I sometimes fall into that category as well. The typical “Good vs. Evil” showdown is something that is introduced to us from a very young age in cartoons, books, TV shows, in fact just about anything that has a story to it. But it can get a little predictable. That’s why I’m not so much into the whole superhero thing, because you know that at the end of the movie he’s gonna vanquish the bad guy and save the day. The special effects might be nice, but we’ve seen it all before. If you’ve seen one superhero movie, you’ve seen them all.
That’s why it’s refreshing when a villain comes along who is done really well, so well in fact that you begin to wonder if just this once, they might actually have the last laugh.
Villains tend to fall into two main groups.
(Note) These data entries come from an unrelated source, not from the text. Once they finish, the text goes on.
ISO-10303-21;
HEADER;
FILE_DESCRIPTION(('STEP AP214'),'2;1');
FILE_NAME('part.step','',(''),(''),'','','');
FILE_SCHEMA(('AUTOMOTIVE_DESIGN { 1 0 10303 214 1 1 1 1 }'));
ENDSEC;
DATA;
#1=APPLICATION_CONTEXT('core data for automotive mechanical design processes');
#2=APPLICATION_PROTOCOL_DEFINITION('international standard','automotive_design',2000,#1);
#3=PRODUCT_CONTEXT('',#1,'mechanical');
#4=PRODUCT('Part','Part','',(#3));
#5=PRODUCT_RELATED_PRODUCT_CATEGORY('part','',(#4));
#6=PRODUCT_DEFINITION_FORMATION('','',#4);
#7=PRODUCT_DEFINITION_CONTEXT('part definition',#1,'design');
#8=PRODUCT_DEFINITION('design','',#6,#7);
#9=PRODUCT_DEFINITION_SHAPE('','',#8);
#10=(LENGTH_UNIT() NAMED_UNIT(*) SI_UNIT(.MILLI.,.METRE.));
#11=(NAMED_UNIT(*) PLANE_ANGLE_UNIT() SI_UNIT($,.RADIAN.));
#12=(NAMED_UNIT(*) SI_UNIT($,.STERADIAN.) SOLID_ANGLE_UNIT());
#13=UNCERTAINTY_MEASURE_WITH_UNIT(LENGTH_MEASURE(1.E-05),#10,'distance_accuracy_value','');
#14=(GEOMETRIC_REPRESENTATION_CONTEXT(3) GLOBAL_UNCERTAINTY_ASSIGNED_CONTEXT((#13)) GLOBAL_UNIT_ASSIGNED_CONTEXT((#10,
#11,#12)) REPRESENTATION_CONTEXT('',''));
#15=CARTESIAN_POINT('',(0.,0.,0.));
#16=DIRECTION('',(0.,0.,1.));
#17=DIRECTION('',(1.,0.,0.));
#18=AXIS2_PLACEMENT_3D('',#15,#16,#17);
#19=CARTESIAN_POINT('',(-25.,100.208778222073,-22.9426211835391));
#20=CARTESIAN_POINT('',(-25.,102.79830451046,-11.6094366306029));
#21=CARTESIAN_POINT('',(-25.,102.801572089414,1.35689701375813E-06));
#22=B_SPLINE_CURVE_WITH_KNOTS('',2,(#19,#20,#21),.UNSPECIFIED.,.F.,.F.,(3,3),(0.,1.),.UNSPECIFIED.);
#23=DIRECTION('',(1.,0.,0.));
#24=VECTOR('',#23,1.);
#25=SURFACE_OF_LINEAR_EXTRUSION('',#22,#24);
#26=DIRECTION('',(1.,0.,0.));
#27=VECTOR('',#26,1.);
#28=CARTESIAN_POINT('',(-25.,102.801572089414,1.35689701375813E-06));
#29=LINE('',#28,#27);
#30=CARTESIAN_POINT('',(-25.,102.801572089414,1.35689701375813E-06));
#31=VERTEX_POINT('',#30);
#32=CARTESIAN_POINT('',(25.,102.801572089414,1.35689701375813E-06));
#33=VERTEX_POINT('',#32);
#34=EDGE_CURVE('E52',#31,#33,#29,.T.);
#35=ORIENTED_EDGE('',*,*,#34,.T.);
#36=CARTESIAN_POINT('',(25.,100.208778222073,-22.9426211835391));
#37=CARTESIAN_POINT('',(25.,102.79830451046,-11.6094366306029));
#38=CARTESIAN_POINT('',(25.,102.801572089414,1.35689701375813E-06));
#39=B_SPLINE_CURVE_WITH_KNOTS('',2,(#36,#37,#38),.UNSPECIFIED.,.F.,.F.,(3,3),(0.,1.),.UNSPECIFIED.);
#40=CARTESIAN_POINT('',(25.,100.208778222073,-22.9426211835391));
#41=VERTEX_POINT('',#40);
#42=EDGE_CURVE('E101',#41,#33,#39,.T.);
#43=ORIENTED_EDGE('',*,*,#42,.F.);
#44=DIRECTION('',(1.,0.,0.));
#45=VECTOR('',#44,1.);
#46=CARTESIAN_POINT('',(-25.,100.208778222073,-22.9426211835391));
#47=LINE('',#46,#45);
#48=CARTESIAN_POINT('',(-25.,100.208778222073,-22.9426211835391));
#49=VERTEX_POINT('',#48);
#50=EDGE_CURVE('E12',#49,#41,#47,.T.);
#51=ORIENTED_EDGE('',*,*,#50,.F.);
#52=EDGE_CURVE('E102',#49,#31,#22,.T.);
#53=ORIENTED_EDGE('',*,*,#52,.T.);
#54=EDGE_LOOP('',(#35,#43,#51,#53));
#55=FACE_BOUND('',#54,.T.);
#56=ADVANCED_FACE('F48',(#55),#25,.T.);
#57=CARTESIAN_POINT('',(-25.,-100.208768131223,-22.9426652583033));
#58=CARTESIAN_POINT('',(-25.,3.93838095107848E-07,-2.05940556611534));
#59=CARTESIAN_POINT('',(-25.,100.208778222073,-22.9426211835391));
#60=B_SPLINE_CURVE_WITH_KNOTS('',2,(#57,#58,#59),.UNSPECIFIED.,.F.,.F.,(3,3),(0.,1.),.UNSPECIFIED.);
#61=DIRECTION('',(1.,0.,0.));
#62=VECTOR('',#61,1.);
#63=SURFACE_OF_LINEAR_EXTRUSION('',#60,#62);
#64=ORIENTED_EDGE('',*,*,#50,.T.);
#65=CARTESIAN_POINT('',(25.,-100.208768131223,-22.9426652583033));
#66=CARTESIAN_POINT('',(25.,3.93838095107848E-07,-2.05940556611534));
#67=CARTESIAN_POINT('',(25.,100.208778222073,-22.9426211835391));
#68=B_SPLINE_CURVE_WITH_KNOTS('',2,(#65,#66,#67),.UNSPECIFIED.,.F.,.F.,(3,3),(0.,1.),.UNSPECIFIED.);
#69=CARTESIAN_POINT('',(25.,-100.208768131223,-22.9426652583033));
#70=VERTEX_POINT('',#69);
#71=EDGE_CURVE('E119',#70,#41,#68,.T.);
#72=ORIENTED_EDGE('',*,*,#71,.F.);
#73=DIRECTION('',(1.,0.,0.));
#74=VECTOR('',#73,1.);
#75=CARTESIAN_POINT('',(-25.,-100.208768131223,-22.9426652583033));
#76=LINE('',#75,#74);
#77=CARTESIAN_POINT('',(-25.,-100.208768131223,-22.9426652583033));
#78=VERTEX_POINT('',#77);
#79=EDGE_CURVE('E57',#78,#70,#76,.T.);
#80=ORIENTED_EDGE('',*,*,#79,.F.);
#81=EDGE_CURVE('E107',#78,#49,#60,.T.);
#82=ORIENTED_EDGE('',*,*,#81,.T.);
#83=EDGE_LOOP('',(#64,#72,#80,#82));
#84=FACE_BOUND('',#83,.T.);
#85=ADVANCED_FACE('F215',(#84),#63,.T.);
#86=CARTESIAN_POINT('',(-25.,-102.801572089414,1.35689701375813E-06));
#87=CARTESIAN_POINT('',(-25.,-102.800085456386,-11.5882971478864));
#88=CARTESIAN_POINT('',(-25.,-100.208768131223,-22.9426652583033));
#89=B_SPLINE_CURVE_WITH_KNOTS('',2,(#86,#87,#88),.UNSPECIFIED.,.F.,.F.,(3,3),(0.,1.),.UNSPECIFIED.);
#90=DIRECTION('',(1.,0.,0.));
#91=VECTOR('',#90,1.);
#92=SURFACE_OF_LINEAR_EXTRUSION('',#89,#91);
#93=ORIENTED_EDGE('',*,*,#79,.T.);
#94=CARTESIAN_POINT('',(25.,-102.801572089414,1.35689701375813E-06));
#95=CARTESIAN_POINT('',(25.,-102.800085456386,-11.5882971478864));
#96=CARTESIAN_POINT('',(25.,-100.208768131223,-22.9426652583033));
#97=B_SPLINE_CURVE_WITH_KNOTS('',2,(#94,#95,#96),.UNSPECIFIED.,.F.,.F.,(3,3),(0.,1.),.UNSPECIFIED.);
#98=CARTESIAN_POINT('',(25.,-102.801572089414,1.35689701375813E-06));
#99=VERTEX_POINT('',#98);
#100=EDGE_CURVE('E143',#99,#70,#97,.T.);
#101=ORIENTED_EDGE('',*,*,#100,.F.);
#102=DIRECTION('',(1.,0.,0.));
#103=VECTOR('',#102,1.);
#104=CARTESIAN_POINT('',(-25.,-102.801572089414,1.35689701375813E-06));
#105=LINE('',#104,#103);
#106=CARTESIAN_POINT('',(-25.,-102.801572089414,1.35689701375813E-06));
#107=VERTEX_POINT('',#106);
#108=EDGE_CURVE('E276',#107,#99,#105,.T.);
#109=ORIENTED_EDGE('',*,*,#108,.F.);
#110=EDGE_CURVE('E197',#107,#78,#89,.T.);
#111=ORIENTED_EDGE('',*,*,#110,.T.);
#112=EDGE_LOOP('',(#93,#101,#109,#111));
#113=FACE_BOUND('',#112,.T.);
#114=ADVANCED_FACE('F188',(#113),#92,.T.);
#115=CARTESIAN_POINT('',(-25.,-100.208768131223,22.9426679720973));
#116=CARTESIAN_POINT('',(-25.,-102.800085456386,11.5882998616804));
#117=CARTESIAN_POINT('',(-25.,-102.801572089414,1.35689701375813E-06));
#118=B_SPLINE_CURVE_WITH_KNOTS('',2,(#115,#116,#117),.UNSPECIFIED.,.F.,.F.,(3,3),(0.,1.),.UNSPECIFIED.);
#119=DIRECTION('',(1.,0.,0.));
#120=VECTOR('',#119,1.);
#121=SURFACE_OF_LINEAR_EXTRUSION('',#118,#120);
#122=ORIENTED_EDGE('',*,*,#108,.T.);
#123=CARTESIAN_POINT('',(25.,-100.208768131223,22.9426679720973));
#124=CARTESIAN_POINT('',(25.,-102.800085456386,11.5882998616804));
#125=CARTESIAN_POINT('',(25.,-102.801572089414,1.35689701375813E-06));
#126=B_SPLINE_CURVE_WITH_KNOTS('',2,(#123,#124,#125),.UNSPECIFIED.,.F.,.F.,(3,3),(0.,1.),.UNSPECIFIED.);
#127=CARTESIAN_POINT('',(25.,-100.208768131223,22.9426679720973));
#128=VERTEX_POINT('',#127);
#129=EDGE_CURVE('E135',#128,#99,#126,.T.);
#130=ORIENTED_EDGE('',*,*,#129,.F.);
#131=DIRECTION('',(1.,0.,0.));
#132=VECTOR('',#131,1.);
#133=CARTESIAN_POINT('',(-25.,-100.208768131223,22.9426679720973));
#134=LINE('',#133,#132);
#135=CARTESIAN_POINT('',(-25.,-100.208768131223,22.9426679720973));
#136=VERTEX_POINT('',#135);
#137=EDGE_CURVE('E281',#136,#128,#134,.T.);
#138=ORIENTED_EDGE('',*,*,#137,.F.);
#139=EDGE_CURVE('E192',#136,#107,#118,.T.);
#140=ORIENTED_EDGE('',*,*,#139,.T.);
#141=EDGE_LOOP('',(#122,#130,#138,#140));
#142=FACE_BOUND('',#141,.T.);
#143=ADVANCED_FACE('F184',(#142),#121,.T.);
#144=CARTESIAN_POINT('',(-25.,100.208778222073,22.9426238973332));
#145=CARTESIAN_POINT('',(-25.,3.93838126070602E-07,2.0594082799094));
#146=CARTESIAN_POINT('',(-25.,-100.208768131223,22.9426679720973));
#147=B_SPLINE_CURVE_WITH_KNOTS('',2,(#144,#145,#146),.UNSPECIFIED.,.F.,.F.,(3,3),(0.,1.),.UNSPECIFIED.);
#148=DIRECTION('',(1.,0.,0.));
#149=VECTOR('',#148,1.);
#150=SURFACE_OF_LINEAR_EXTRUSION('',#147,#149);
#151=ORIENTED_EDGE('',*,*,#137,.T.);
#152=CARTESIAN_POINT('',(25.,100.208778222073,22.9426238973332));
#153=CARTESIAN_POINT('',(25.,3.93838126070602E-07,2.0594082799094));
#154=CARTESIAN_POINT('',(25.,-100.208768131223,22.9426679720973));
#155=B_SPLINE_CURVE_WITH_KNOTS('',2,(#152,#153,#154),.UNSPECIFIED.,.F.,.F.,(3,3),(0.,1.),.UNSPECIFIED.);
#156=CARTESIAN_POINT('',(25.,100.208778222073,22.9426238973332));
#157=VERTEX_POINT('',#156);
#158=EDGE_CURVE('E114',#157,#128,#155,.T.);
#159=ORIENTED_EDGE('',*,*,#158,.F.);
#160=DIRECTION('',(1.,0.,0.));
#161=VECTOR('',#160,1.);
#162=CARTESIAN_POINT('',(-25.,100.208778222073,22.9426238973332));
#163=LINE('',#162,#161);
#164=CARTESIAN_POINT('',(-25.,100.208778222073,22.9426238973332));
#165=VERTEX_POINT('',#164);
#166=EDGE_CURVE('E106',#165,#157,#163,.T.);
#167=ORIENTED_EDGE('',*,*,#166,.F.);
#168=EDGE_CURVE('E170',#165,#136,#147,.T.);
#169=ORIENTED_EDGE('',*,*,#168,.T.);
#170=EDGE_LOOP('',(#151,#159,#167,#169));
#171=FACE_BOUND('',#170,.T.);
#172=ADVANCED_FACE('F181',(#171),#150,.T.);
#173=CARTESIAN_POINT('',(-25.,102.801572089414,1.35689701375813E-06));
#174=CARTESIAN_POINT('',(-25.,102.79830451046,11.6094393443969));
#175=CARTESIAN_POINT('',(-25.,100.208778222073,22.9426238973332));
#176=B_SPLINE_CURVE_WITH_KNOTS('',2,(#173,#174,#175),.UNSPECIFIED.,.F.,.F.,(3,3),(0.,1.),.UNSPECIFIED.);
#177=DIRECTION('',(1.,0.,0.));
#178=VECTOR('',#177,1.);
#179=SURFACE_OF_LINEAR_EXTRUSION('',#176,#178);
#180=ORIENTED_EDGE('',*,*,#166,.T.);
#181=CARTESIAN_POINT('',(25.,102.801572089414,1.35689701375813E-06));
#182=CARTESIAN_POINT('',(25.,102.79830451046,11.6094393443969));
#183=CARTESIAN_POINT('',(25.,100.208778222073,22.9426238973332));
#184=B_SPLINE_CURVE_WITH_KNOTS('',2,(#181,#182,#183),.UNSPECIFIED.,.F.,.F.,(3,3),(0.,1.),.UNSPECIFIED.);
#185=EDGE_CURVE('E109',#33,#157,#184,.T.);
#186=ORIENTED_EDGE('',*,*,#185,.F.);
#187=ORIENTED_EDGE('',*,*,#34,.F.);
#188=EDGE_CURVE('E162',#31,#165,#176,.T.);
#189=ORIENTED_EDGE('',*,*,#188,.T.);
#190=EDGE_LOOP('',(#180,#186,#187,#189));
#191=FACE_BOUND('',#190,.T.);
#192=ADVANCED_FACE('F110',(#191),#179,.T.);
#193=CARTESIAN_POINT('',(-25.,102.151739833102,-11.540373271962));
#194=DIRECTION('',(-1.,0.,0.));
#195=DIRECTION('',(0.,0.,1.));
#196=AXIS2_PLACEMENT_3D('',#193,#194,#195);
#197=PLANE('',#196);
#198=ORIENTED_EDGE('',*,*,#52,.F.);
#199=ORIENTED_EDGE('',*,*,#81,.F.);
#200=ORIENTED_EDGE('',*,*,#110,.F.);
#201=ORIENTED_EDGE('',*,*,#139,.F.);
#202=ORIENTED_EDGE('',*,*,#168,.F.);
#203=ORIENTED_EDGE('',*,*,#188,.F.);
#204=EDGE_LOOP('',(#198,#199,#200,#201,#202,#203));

Firstly, there are the guys that you just love to hate. They may not be the most dark or sinister antagonists, but usually they are the ones whose cunning, conniving behaviour makes their inevitable demise that much more pleasing to see. And the second kind are the ones who are just pure evil, hell-bent on destroying every aspect of civilisation.
If a baddie falls into just one of these categories and is really well portrayed, they have the power to make an awful film watchable – particularly in a story where the main good guy is a bit of a wuss. However, if you can create a character who encompasses both of these traits, then you’ve got yourself a pretty mean villain.
So just like James Conway, I started to root for the bad guys (and girls) in the movies. And these are my top 10 favourites…
10: Max Zorin (A View To A Kill)
So we kick off with a Bond villain. While many of you may have opted for Blofeld or Goldfinger, I felt that Christopher Walken’s portrayal of Bond’s emotionless nemesis from A View To A Kill stood out somewhat for me. As an ex-KGB agent who was born as the result of a Nazi genetic experiment, you can’t get more evil than that. Grace Jones stars as his sidekick Mayday who is just as cold and calculating as Zorin and almost qualifies as a villain herself, that is, until she ultimately switches her allegiance (ending her own life in the process) after he betrays her. Zorin is totally ruthless, as we see in many scenes, particularly at the end where he goes into his own mine with a machinegun and proceeds to personally massacre his own workers with the words “Gentlemen, your services will no longer be required” before opening fire. What an asshole.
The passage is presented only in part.